Missouri Governor Mike Parson on Wednesday signed legislation passed in the just-concluded special session which will spend roughly $760 million on permanent income tax cuts and $40 million annually over the next six years for agriculture tax credits.


What You Need To Know

  • Missouri Gov. Mike Parson signed off on a permanent income tax cut bill 

  • Income taxes will be cut from 5.3% to 4.95% beginning next year and phase in additional cuts until the rate hits 4.5%

  • Once the income tax rate hits 4.5%, savings for those workers would amount to roughly $29 to $131 a year on average, according to the same analysis

  • It also includes $40 million annually over the next 6 years for agriculture tax credits

Under the new law, income taxes will be cut from 5.3% to 4.95% beginning next year and phase in additional cuts until the rate hits 4.5%. The bill applies to the top income tax rate, which covers those who make more than about $8,700 a year in taxable income. The additional cuts would be triggered by revenue growth benchmarks tied to inflation.

The measure also eliminates the lowest tax bracket, meaning earners who bring in less than about $1,000 a year no longer will have to pay state income taxes. Taxpayers who make between $22,000 and $66,000 a year would on average see savings of between $10 and $50 next year because of the income tax cut, according to an analysis by the Missouri Budget Project. The organization analyzes state budget policy and its impact on low-income families.

Once the income tax rate hits 4.5%, savings for those workers would amount to roughly $29 to $131 a year on average, according to the same analysis.

Earners who make $66,000 to $110,000 a year would on average see about $120 in immediate savings and $275 per year in savings once the full tax cuts kick in.

And taxpayers who make about $1.6 million per year would save roughly $4,200 next year and $9,500 per year once the bill is fully implemented.

Democrats and some Republicans criticized the measure as favoring wealthier Missourians while doing little for low-income families and retired workers on fixed incomes.

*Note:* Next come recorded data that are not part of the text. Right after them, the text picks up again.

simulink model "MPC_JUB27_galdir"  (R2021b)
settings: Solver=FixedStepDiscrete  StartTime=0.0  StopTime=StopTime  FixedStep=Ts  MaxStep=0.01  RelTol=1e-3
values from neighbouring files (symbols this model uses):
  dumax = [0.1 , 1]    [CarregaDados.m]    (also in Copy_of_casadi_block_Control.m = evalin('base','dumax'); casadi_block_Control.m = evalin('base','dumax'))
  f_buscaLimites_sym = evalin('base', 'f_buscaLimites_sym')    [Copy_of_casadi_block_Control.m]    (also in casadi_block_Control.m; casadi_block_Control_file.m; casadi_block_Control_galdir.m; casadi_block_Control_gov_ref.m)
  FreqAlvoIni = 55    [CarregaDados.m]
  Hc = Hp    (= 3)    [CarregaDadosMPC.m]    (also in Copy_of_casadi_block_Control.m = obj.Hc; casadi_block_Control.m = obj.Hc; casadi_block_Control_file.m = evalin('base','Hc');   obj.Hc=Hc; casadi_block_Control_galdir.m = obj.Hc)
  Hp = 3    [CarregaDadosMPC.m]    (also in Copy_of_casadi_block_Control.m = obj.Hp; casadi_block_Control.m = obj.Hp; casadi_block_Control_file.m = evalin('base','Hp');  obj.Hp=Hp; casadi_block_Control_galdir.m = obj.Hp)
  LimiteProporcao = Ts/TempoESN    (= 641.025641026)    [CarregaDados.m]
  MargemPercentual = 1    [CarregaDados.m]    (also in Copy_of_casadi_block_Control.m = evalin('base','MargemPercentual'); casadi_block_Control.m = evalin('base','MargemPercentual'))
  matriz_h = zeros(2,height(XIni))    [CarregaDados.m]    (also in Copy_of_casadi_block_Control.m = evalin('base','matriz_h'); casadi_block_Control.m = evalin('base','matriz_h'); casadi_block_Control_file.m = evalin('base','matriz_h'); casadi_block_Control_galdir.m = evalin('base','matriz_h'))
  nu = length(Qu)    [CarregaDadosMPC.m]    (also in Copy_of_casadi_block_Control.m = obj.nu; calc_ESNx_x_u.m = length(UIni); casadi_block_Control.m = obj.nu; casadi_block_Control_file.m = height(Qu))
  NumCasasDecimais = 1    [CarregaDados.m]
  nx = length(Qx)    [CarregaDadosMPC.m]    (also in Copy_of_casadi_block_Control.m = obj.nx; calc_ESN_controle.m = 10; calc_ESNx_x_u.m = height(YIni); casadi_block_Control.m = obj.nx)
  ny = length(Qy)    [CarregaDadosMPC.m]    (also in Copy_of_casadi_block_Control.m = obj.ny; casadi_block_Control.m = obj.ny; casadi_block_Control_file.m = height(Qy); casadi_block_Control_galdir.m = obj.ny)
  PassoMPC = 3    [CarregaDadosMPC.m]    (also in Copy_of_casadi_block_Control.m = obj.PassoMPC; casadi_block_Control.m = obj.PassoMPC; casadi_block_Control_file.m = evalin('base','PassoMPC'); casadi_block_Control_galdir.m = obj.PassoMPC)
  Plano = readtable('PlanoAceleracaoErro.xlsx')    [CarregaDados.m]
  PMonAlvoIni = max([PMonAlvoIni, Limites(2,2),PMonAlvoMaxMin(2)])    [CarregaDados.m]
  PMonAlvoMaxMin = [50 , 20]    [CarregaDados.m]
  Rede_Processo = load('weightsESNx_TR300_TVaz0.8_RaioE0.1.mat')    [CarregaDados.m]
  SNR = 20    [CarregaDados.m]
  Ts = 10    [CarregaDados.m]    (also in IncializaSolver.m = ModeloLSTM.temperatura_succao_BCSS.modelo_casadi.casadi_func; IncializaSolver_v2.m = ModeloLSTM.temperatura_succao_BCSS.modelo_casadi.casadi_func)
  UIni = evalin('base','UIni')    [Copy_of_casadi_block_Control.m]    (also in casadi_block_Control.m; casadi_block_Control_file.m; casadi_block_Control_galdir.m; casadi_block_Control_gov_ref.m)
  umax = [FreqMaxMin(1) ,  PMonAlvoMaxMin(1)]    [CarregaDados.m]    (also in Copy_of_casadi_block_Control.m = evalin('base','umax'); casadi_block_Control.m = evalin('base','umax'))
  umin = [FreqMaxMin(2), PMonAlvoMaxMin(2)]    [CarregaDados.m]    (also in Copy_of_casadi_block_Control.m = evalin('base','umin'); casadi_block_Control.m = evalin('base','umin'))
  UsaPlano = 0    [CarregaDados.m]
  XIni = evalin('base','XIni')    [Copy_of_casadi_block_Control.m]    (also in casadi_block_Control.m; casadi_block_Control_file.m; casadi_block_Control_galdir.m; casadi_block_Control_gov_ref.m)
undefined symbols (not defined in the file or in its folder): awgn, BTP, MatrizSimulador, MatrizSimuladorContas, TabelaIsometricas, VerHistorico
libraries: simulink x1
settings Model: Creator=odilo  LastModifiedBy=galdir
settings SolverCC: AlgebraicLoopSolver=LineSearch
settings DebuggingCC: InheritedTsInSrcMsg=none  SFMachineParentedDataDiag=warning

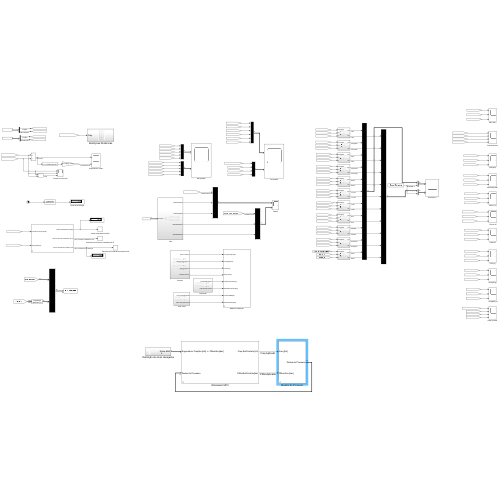
[thumbnail: Simulink's stored preview of the top-level diagram]
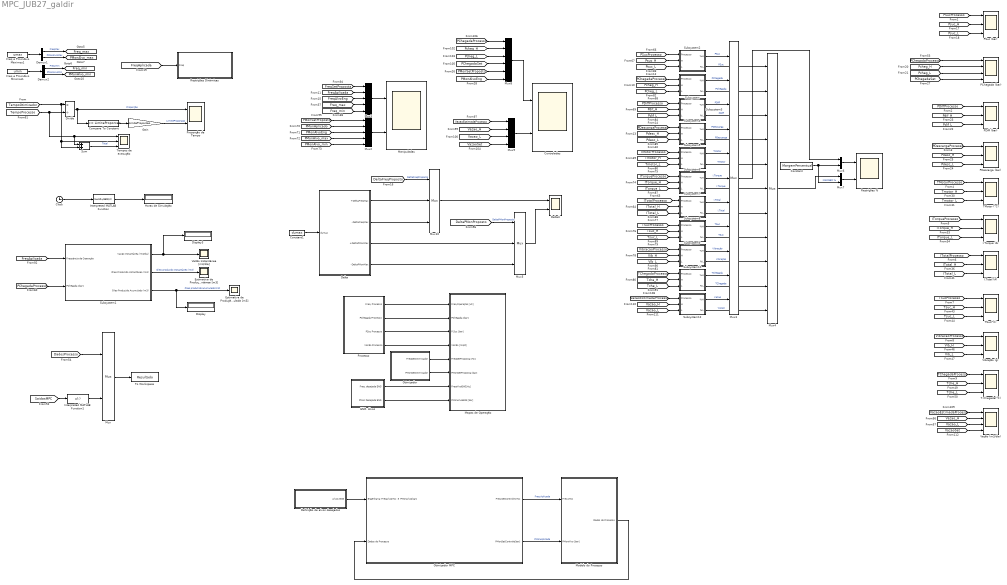
== system MPC_JUB27_galdir ==
  Clock : Clock
  Compare To Constant : simulink/Logic and Bit Operations/Compare To Constant  relop=<=  const=LimiteProporcao  OutDataTypeStr=boolean
  Constant : Constant  Value=MargemPercentual
  Constant1 : Constant  Value=dumax
  Controladas : Scope  NumInputPorts=2
  Definição de alvos desejados : Subsystem
  Delta : Subsystem
  DeltaU : Scope  NumInputPorts=2
  Demux1 : Demux  Outputs=2
  Demux2 : Demux  Outputs=2
  Display : Display
  Display3 : Display
  Divide : Product  Inputs=*/
  ENG. Alvos : Subsystem
  Estimativa de Produção Acumulada [m3] : Scope
  Estimativa de Produção instantânea [m3] : Scope
  Freq e PmonAlvo Máximos1 : Constant  Value=umax
  Freq e PmonAlvo Mínimos1 : Constant  Value=umin
  Gain : Gain  Gain=LimiteProporcao
  Horas de Simulação : Display
  I.Torque (A) : Scope  NumInputPorts=3
  I.Total (A) : Scope  NumInputPorts=3
  Interpreted MATLAB Function : MATLABFcn  MATLABFcn=round(u/3600,2)
  Interpreted MATLAB Function1 : MATLABFcn  MATLABFcn=u(:)
  Manipuladas : Scope  NumInputPorts=2
  Mapas de Operação : Subsystem  mask{PlotaMapas=1, HabilitaRastro=1, MatrizSimulador=MatrizSimulador, MatrizSimuladorContas=MatrizSimuladorContas, BTP=BTP, TabelaIsometricas=TabelaIsometricas, FreqIni=UIni(1), PChegadaIni=XIni(2), PSucIni=XIni(1), VazaoIni=XIni(11), MargemPercentual=MargemPercentual, FreqAlvoIni=FreqAlvoIni, PMonAlvoIni=PMonAlvoIni, PMonAlvoMaxMin=PMonAlvoMaxMin}
      mask prompts: PlotaMapas "Plotar Mapas (1/0)?"; HabilitaRastro "Habilita Rastro do Plot (1/0)?"; MatrizSimulador "Matriz do Simulador"; MatrizSimuladorContas "Matriz do Simulador para Limites"; BTP "Matriz BTP"; TabelaIsometricas "Tabela Curvas Isometricas"; FreqIni "Frequencia Inicial [Hz]"; PChegadaIni "PChegada Inicial [bar]"; PSucIni "PSuc Inicial [bar]"; VazaoIni "Vazao Inicial [m3/d]"; MargemPercentual "Margem % de folga para os alarmes"; FreqAlvoIni "Frequencia ALVO Inicial [Hz]"; PMonAlvoIni "PChegada ALVO [bar]"; PMonAlvoMaxMin "PMonAlvo [Max  Min]"
      mask DialogControl DescTextVar Prompt: MAPAS DE OPERAÇÃO
      mask DialogControl ParameterGroupVar Prompt: Tabelas Petrobras e configurações dos Mapas de Operação
      mask DialogControl ParameterGroupVar_copy Prompt: Dados do Processo
      mask DialogControl ParameterGroupVar_copy_copy_copy Prompt: Dados Engenharia (Alvos)
  Modelo do Processo : Subsystem  mask{ESN=Rede_Processo, YIni=XIni, UIni=UIni, SNR=SNR, NumCasasDecimais=NumCasasDecimais, MatrizSimulador=MatrizSimulador}
      mask prompts: ESN "Estruturada ESN"; YIni "Condicoes iniciais das variaveis"; UIni "Condicao Inicial das manipuladas (Freq e PMon)"; SNR "Relação Sinal Ruido aplicada"; NumCasasDecimais "Numero de casas decimais"; MatrizSimulador "Matriz do Simulador Petrobras"
  Mux : Mux  Inputs=2
  Mux1 : Mux  Inputs=5
  Mux10 : Mux  Inputs=3
  Mux2 : Mux  Inputs=5
  Mux3 : Mux  Inputs=11
  Mux4 : Mux  Inputs=11
  Mux5 : Mux  Inputs=3
  Mux6 : Mux  Inputs=2
  Mux7 : Mux  Inputs=2
  Mux8 : Mux  Inputs=6
  Mux9 : Mux
  Otimizador : Subsystem
  Otimizador MPC : Subsystem  mask{Hp=Hp, Hc=Hc, PassoMPC=PassoMPC, nx=nx, ny=ny, nu=nu}
      mask prompts: Hp "Horizonte de Predicao"; Hc "Horizonte de Controle"; PassoMPC "Passos para o controle atuar"; nx "Numero de Estados X"; ny "Numero de Saidas Y (controladas por setpoint)"; nu "Numero de entradas (acoes de controle)"
      mask DialogControl ControlParameters Prompt: PARAMETROS DO CONTROLADOR
      mask DialogControl SaidasCasadi Prompt: DIMENSIONAR SAIDAS CasadiBlock
  PChegada (bar) : Scope  NumInputPorts=4
  PDescarga (bar) : Scope  NumInputPorts=3
  PDiff (bar) : Scope  NumInputPorts=3
  PSuc (bar) : Scope  NumInputPorts=3
  Processo : Subsystem
  Proporção de Tempo : Scope  NumInputPorts=2
  Restrições % : Scope  NumInputPorts=2
  Restrições Dinâmicas : Subsystem
  Subsystem : Subsystem
  Subsystem1 : Subsystem  mask{MatrizSimulador=MatrizSimulador, DeltaT=Ts, QIni=XIni(11)}
      mask prompts: MatrizSimulador "Matriz do Simulador Petrobras"; DeltaT "Periodo de amostragem (s)"; QIni "Vazao Inicial (m3/dia)"
  Subsystem10 : Subsystem
  Subsystem12 : Subsystem
  Subsystem2 : Subsystem
  Subsystem3 : Subsystem
  Subsystem4 : Subsystem
  Subsystem5 : Subsystem
  Subsystem6 : Subsystem
  Subsystem7 : Subsystem
  Subsystem8 : Subsystem
  Subsystem9 : Subsystem
  Sum : Sum
  T.Chegada(°C) : Scope  NumInputPorts=3
  TMotor (°C) : Scope  NumInputPorts=3
  TSuc(°C) : Scope  NumInputPorts=3
  Tempos de execução : Scope  NumInputPorts=3
  To Workspace : ToWorkspace  VariableName=Resultado  SampleTime=-1
  Vazão (m3/dia) : Scope  NumInputPorts=4
  Vazão Instantânea [m3/dia] : Scope
  Vibração (g) : Scope  NumInputPorts=3
  tag scope: Freq_max=global, Freq_min=global, PMonAlvo_max=global, PMonAlvo_min=global
  wires:
  [TempoProcesso] -> Sum/1, Tempos de execução/1, Divide/2
  [ITotalProcesso] -> I.Total (A)/1
  [TMotorProcesso] -> TMotor (°C)/1
  [VibracaoProcesso] -> Vibração (g)/1
  [TSucProcesso] -> TSuc(°C)/1
  [PDiffProcesso] -> PDiff (bar)/1
  [PDescargaProcesso] -> PDescarga (bar)/1
  [PSucProcesso] -> PSuc (bar)/1
  [Freq_max] -> Mux1/4
  [Freq_min] -> Mux1/5
  [FreqAlvoEng] -> Mux1/3
  [Psuc_H] -> PSuc (bar)/2
  [Psuc_L] -> PSuc (bar)/3
  [Pdif_H] -> PDiff (bar)/2
  [Pdif_L] -> PDiff (bar)/3
  [Pdesc_H] -> PDescarga (bar)/2
  [Pdesc_L] -> PDescarga (bar)/3
  [Tmotor_H] -> TMotor (°C)/2
  [Tmotor_L] -> TMotor (°C)/3
  [ITorqueProcesso] -> I.Torque (A)/1
  [ITorque_H] -> I.Torque (A)/2
  [ITorque_L] -> I.Torque (A)/3
  [ITotal_H] -> I.Total (A)/2
  [ITotal_L] -> I.Total (A)/3
  [Tsuc_H] -> TSuc(°C)/2
  [Tsuc_L] -> TSuc(°C)/3
  [Vib_H] -> Vibração (g)/2
  [Vib_L] -> Vibração (g)/3
  [TChegadaProcesso] -> T.Chegada(°C)/1
  [Tche_H] -> T.Chegada(°C)/2
  [Tche_L] -> T.Chegada(°C)/3
  Mux/1 -> To Workspace/1
  [DadosProcesso] -> Mux/1
  [FreqAplicada] -> Mux1/2
  [PChegadaProcesso] -> PChegada (bar)/1
  [Pcheg_H] -> PChegada (bar)/2
  [Pcheg_L] -> PChegada (bar)/3
  [PChegadaSet] -> PChegada (bar)/4
  [TempoOtimizador] -> Sum/2, Tempos de execução/2, Divide/1
  [FreqAplicada] -> Subsystem1/1(Frequência de Operação)
  [PChegadaProcesso] -> Subsystem1/2(PChegada [bar])
  Subsystem1/2("Óleo Produzido Instantâneo (m3) ") -> Estimativa de Produção instantânea [m3]/1  "Óleo produzido Instantâneo (m3)"
  Subsystem1/3(Óleo Produzido Acumulado (m3)) -> Display/1, Estimativa de Produção Acumulada [m3]/1  "Óleo produzido acumulado(m3)"
  Subsystem1/1(Vazão Instantânea (m3/dia)) -> Display3/1, Vazão Instantânea [m3/dia]/1
  Sum/1 -> Tempos de execução/3  "Total"
  Mux1/1 -> Manipuladas/1
  [PMonAlvo_min] -> Mux2/5
  [PMonAlvo_max] -> Mux2/4
  [PMonAplicado] -> Mux2/2
  Mux2/1 -> Manipuladas/2
  [PChegadaProcesso] -> Subsystem/1(Processo)
  [Pcheg_H] -> Subsystem/2(H)
  [Pcheg_L] -> Subsystem/3(L)
  [PSucProcesso] -> Subsystem2/1(Processo)
  [Psuc_H] -> Subsystem2/2(H)
  [Psuc_L] -> Subsystem2/3(L)
  [PDiffProcesso] -> Subsystem3/1(Processo)
  [Pdif_H] -> Subsystem3/2(H)
  [Pdif_L] -> Subsystem3/3(L)
  [PDescargaProcesso] -> Subsystem4/1(Processo)
  [Pdesc_H] -> Subsystem4/2(H)
  [Pdesc_L] -> Subsystem4/3(L)
  [Tmotor_L] -> Subsystem5/3(L)
  [Tmotor_H] -> Subsystem5/2(H)
  [TMotorProcesso] -> Subsystem5/1(Processo)
  [ITorqueProcesso] -> Subsystem6/1(Processo)
  [ITorque_H] -> Subsystem6/2(H)
  [ITorque_L] -> Subsystem6/3(L)
  [ITotalProcesso] -> Subsystem7/1(Processo)
  [ITotal_H] -> Subsystem7/2(H)
  [ITotal_L] -> Subsystem7/3(L)
  [TSucProcesso] -> Subsystem8/1(Processo)
  [Tsuc_H] -> Subsystem8/2(H)
  [Tsuc_L] -> Subsystem8/3(L)
  [VibracaoProcesso] -> Subsystem9/1(Processo)
  [Vib_H] -> Subsystem9/2(H)
  [Vib_L] -> Subsystem9/3(L)
  [TChegadaProcesso] -> Subsystem10/1(Processo)
  [Tche_H] -> Subsystem10/2(H)
  [Tche_L] -> Subsystem10/3(L)
  Mux3/1 -> Mux6/1
  Mux4/1 -> Mux7/1
  Subsystem/2(%L) -> Mux4/2  "PChegada"
  Subsystem2/2(%L) -> Mux4/1  "PSuc"
  Subsystem/1(%H) -> Mux3/2  "PChegada"
  Subsystem2/1(%H) -> Mux3/1  "PSuc"
  Subsystem3/1(%H) -> Mux3/3  "PDiff"
  Subsystem3/2(%L) -> Mux4/3  "PDiff"
  Subsystem4/1(%H) -> Mux3/4  "PDescarga"
  Subsystem4/2(%L) -> Mux4/4  "PDescarga"
  Subsystem5/2(%L) -> Mux4/5  "TMotor"
  Subsystem5/1(%H) -> Mux3/5  "TMotor"
  Subsystem6/2(%L) -> Mux4/6  "I.Torque"
  Subsystem6/1(%H) -> Mux3/6  "I.Torque"
  Subsystem7/2(%L) -> Mux4/7  "I.Total"
  Subsystem7/1(%H) -> Mux3/7  "I.Total"
  Subsystem8/2(%L) -> Mux4/8  "TSuc"
  Subsystem8/1(%H) -> Mux3/8  "TSuc"
  Subsystem9/2(%L) -> Mux4/9  "Vibração"
  Mux10/1 -> DeltaU/1
  Constant1/1 -> Delta/1(dumax)
  Delta/2(-DeltaFreqMax) -> Mux10/3
  Clock/1 -> Interpreted MATLAB Function/1
  Interpreted MATLAB Function/1 -> Horas de Simulação/1
  [DeltaPMonProposto] -> Mux5/1  "DeltaPMonProposto"
  Delta/3(+DeltaPMonMax) -> Mux5/2
  Delta/4(-DeltaPMonMax) -> Mux5/3
  [PChegadaSet] -> Mux8/4
  [Pcheg_L] -> Mux8/3
  [Pcheg_H] -> Mux8/2
  [PChegadaProcesso] -> Mux8/1
  [VazaoSet] -> Mux9/4
  [Vazao_L] -> Mux9/3
  [Vazao_H] -> Mux9/2
  [VazaoEstimadaProcesso] -> Mux9/1
  Mux9/1 -> Controladas/2
  Mux8/1 -> Controladas/1
  Processo/1(Freq. Processo) -> Mapas de Operação/1(Freq.Operação [Hz])
  Processo/2(PChegada Processo) -> Mapas de Operação/2(PChegada [bar])
  ENG. Alvos/1(Freq. desejada ENG) -> Mapas de Operação/7(FreqAlvoENG[Hz])
  ENG. Alvos/2(PMon Desejada ENG) -> Mapas de Operação/8(PMonAlvoENG [bar])
  Processo/3(PSuc Processo) -> Mapas de Operação/3(P.Suc [bar])
  Delta/1(+DeltaFreqMax) -> Mux10/2
  Otimizador MPC/1(Freq.SetControle [Hz]) -> Modelo do Processo/1(Freq [Hz])  "Freq.Aplicada"
  Otimizador MPC/2(PMonSetControle[bar]) -> Modelo do Processo/2(PMonAlvo [bar])  "PMonAplicada"
  [FreqSetProposta] -> Mux1/1
  [PMonSetProposto] -> Mux2/1
  [PMonAlvoEng] -> Mux2/3
  [Vazao_L] -> Vazão (m3/dia)/3
  [Vazao_H] -> Vazão (m3/dia)/2
  [VazaoEstimadaProcesso] -> Vazão (m3/dia)/1
  [VazaoEstimadaProcesso] -> Subsystem12/1(Processo)
  [Vazao_H] -> Subsystem12/2(H)
  [Vazao_L] -> Subsystem12/3(L)
  Subsystem12/1(%H) -> Mux3/11  "Vazao"
  Subsystem12/2(%L) -> Mux4/11  "Vazao"
  Subsystem10/2(%L) -> Mux4/10  "TChegada"
  Subsystem9/1(%H) -> Mux3/9  "Vibração"
  Subsystem10/1(%H) -> Mux3/10  "TChegada"
  [VazaoSet] -> Vazão (m3/dia)/4
  Modelo do Processo/1(Dados do Processo) -> Otimizador MPC/2(Dados do Processo)
  Divide/1 -> Proporção de Tempo/1, Compare To Constant/1  "Proporção"
  Compare To Constant/1 -> Gain/1
  Gain/1 -> Proporção de Tempo/2  "LimiteProporção"
  Definição de alvos desejados/1(Alvos ENG) -> Otimizador MPC/1(Engenharia: FreqAlvo[Hz]  e  PMonAlvo[bar])
  Demux1/1 -> [Freq_max]  "FreqMax"
  Demux2/1 -> [Freq_min]  "Freq.Min"
  Demux1/2 -> [PMonAlvo_max]  "PMonAlvoMax"
  Demux2/2 -> [PMonAlvo_min]  "PMonAlvoMin"
  Freq e PmonAlvo Mínimos1/1 -> Demux2/1
  Freq e PmonAlvo Máximos1/1 -> Demux1/1
  [FreqAplicada] -> Restrições Dinâmicas/1(Freq)
  Processo/4(Vazão Processo) -> Mapas de Operação/4(Vazão [m3/d])
  Otimizador/1(FreqSetOtimizador) -> Mapas de Operação/5(FreqSetProposta [Hz])
  Otimizador/2(PMonSetOtimizador) -> Mapas de Operação/6(PMonSetProposta [bar])
  [DeltaFreqProposto] -> Mux10/1  "DeltaFreqProposto"
  Mux5/1 -> DeltaU/2
  [PMonSetProposto] -> Mux8/5
  [PMonAlvoEng] -> Mux8/6
  Mux6/1 -> Restrições %/1
  Constant/1 -> Mux6/2, Mux7/2  "MARGEM %"
  Mux7/1 -> Restrições %/2
  [SaidasMPC] -> Interpreted MATLAB Function1/1
  Interpreted MATLAB Function1/1 -> Mux/2

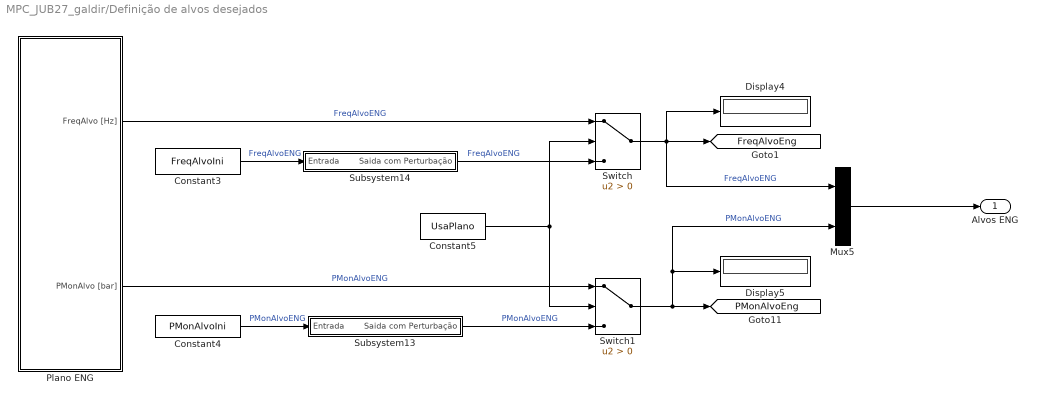
== system MPC_JUB27_galdir/Definição de alvos desejados ==
  Constant3 : Constant  Value=FreqAlvoIni
  Constant4 : Constant  Value=PMonAlvoIni
  Constant5 : Constant  Value=UsaPlano
  Display4 : Display
  Display5 : Display
  Mux5 : Mux  Inputs=2
  Plano ENG : Subsystem  mask{Plano=Plano}
      mask prompts: Plano "Plano de Execucao"
      mask DialogControl DescGroupVar Prompt: TABELA COM PLANO DE EXECUCAO
  Subsystem13 : Subsystem  mask{TIni=1200, DeltaT=1.5*3600, ValorP=0}
      mask prompts: TIni "Tempo Inicio"; DeltaT "Duracao"; ValorP "Valor da Perturbacao"
  Subsystem14 : Subsystem  mask{TIni=1200, DeltaT=1.5*3600, ValorP=0}
      mask prompts: TIni "Tempo Inicio"; DeltaT "Duracao"; ValorP "Valor da Perturbacao"
  Switch : Switch  Criteria=u2 > Threshold
  Switch1 : Switch  Criteria=u2 > Threshold
  Alvos ENG : Outport
  tag scope: FreqAlvoEng=global, PMonAlvoEng=global
  wires:
  Constant5/1 -> Switch1/2, Switch/2
  Subsystem14/1(Saida com Perturbação) -> Switch/3  "FreqAlvoENG"
  Constant3/1 -> Subsystem14/1(Entrada)  "FreqAlvoENG"
  Switch/1 -> Mux5/1, [FreqAlvoEng], Display4/1  "FreqAlvoENG"
  Switch1/1 -> Mux5/2, Display5/1, [PMonAlvoEng]  "PMonAlvoENG"
  Plano ENG/1(FreqAlvo [Hz]) -> Switch/1  "FreqAlvoENG"
  Subsystem13/1(Saida com Perturbação) -> Switch1/3  "PMonAlvoENG"
  Plano ENG/2(PMonAlvo [bar]) -> Switch1/1  "PMonAlvoENG"
  Constant4/1 -> Subsystem13/1(Entrada)  "PMonAlvoENG"
  Mux5/1 -> Alvos ENG/1

== system MPC_JUB27_galdir/Delta ==
  dumax : Inport
  Demux : Demux  Outputs=2
  Gain : Gain  Gain=-1
  Gain6 : Gain  Gain=-1
  +DeltaFreqMax : Outport
  -DeltaFreqMax : Outport  Port=2
  +DeltaPMonMax : Outport  Port=3
  -DeltaPMonMax : Outport  Port=4
  wires:
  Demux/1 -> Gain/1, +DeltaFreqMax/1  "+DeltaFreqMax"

Parson Wednesday defended the cut, calling it balanced and fiscally responsible and coming at a time of record spending for education and infrastructure.

More than two dozen other states have passed or are considering tax cuts or rebates in response to an outpouring of federal pandemic aid and their own surging tax revenue.

The bill Missouri lawmakers passed represents a compromise between Republican senators who wanted even deeper tax cuts and those worried about cutting so much that government services might need to be slashed if future revenue collections are not as strong. It does not include an increase to the standard deduction.

Legislators Tuesday finished work on agriculture tax incentives that were signed into law Wednesday. Parson vetoed similar legislation passed during the regular session, which ended in in May, citing two-year sunset provisions which he said didn’t give the programs enough time to prove effective, or allow for enough planning time.